(Saved entries)
= = = = =
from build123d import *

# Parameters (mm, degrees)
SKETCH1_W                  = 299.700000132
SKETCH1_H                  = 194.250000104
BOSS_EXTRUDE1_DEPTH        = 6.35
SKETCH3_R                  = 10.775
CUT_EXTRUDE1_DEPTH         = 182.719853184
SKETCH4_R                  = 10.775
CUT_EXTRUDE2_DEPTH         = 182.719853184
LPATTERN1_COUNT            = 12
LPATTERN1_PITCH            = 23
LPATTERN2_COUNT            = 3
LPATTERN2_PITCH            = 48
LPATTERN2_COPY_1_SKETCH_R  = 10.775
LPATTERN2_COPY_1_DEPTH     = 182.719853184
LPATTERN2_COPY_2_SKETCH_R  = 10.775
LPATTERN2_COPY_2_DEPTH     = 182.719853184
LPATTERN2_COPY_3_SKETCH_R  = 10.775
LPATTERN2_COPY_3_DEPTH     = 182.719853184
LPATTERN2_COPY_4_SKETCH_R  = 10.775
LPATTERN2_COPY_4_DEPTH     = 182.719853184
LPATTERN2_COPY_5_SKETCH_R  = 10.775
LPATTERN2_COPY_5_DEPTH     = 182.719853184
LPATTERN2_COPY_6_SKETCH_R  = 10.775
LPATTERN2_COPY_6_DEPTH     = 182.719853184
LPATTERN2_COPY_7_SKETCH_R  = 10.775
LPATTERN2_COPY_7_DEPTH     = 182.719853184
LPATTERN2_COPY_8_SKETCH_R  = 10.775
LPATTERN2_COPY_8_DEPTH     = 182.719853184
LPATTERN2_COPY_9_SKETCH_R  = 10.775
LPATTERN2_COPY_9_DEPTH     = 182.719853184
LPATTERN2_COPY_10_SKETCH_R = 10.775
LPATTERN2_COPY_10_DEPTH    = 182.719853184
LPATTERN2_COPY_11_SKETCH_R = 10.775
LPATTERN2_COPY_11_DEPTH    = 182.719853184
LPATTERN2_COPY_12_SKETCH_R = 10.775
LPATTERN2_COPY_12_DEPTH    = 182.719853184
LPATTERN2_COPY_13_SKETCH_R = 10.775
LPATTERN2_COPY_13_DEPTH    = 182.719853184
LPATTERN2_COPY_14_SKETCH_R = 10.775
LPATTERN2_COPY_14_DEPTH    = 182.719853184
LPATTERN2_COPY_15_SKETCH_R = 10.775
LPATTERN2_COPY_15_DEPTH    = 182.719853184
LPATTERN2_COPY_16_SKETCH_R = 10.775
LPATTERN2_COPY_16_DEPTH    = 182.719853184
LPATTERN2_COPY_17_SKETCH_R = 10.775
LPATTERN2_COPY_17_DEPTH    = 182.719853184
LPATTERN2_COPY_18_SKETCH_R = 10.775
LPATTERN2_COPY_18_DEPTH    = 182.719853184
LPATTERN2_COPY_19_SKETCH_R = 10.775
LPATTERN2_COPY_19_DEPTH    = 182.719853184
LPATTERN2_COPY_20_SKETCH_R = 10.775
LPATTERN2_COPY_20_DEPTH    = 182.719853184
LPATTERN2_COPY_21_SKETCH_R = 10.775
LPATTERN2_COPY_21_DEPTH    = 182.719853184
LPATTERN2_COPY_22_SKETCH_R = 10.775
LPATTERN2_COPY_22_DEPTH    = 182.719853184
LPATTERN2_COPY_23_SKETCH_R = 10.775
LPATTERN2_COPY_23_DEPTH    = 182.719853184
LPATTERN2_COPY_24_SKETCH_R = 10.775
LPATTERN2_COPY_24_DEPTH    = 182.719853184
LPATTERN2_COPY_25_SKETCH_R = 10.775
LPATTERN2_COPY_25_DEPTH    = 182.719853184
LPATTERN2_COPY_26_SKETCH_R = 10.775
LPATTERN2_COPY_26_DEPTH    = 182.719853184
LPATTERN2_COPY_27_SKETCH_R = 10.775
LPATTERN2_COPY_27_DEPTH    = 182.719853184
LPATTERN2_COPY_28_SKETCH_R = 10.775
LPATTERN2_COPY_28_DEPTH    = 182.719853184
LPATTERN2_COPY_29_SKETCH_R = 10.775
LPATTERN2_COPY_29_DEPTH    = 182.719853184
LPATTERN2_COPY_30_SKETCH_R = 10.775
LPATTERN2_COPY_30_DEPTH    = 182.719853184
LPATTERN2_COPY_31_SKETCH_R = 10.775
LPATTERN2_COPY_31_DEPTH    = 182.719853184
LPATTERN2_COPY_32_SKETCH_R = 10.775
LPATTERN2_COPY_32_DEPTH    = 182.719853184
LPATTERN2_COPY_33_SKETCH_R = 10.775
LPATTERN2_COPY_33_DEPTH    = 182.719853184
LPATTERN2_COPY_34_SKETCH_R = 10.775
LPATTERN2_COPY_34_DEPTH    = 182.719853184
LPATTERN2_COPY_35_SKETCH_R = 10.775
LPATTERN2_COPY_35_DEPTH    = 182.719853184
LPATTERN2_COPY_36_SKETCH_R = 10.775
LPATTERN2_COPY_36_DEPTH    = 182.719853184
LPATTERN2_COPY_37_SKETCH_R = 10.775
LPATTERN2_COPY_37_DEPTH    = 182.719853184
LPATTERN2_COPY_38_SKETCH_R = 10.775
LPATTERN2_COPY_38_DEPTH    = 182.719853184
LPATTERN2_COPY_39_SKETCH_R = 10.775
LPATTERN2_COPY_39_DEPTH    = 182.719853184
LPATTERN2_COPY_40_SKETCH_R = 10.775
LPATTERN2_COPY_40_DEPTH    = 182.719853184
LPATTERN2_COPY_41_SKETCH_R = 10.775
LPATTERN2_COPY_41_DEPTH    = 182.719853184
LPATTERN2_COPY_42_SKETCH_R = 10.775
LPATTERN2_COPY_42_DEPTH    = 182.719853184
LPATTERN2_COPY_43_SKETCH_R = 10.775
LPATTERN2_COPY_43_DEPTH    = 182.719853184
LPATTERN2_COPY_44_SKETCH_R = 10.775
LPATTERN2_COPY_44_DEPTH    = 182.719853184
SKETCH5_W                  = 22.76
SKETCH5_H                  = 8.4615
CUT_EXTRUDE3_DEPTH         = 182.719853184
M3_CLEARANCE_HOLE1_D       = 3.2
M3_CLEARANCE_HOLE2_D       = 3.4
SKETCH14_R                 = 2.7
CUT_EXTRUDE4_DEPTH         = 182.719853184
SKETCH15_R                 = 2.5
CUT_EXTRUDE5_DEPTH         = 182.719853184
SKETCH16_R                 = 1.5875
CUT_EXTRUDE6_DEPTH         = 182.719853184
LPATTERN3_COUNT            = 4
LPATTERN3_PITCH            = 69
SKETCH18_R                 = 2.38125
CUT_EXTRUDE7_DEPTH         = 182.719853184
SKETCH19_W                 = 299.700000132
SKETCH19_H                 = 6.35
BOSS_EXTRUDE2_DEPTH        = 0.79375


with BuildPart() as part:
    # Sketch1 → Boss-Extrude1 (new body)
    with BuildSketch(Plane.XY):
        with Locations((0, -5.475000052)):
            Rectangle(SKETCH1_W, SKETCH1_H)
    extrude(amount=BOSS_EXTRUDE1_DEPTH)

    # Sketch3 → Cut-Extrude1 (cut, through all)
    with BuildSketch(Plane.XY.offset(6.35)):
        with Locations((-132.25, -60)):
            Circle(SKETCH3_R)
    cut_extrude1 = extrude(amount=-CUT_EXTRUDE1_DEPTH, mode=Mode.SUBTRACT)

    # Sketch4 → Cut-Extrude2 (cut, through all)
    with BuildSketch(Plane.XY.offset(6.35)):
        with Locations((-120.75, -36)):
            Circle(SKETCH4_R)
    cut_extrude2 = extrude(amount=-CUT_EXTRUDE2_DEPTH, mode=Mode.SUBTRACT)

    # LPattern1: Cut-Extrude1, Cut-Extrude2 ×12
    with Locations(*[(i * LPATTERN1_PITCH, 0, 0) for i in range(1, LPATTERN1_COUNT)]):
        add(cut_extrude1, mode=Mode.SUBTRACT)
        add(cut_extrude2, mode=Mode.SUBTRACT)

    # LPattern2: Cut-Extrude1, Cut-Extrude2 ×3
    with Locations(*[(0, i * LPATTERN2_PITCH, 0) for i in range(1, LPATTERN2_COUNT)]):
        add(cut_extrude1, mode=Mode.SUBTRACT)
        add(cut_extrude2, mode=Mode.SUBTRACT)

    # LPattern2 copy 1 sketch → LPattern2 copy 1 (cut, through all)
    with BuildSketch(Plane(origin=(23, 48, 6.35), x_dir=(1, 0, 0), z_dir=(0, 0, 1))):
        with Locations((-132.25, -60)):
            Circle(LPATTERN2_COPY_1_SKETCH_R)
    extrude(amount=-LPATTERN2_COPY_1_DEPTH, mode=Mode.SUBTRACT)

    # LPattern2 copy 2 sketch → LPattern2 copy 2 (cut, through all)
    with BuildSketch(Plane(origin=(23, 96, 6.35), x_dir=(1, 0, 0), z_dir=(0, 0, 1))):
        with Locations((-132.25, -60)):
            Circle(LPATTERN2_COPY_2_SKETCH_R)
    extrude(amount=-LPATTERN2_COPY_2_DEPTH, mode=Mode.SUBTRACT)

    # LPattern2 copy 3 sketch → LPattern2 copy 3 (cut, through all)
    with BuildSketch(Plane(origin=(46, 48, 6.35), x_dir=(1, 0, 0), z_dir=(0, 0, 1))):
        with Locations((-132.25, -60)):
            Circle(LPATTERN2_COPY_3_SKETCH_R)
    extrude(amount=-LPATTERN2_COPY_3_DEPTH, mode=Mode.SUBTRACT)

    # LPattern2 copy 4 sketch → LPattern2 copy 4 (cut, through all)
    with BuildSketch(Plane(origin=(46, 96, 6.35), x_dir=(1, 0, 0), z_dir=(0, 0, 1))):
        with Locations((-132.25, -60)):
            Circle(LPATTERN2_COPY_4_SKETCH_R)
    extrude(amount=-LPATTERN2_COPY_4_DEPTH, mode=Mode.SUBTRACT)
= = = = =
GOAL OF THE EXERCISE
Going back to the entries above, set down exactly the lines that begin at the one with "LPATTERN2_COPY_23_SKETCH_R = 10.775" and end at the one with "LPATTERN2_COPY_32_SKETCH_R = 10.775", both included, and nothing else.

TASK RESPONSE
LPATTERN2_COPY_23_SKETCH_R = 10.775
LPATTERN2_COPY_23_DEPTH    = 182.719853184
LPATTERN2_COPY_24_SKETCH_R = 10.775
LPATTERN2_COPY_24_DEPTH    = 182.719853184
LPATTERN2_COPY_25_SKETCH_R = 10.775
LPATTERN2_COPY_25_DEPTH    = 182.719853184
LPATTERN2_COPY_26_SKETCH_R = 10.775
LPATTERN2_COPY_26_DEPTH    = 182.719853184
LPATTERN2_COPY_27_SKETCH_R = 10.775
LPATTERN2_COPY_27_DEPTH    = 182.719853184
LPATTERN2_COPY_28_SKETCH_R = 10.775
LPATTERN2_COPY_28_DEPTH    = 182.719853184
LPATTERN2_COPY_29_SKETCH_R = 10.775
LPATTERN2_COPY_29_DEPTH    = 182.719853184
LPATTERN2_COPY_30_SKETCH_R = 10.775
LPATTERN2_COPY_30_DEPTH    = 182.719853184
LPATTERN2_COPY_31_SKETCH_R = 10.775
LPATTERN2_COPY_31_DEPTH    = 182.719853184
LPATTERN2_COPY_32_SKETCH_R = 10.775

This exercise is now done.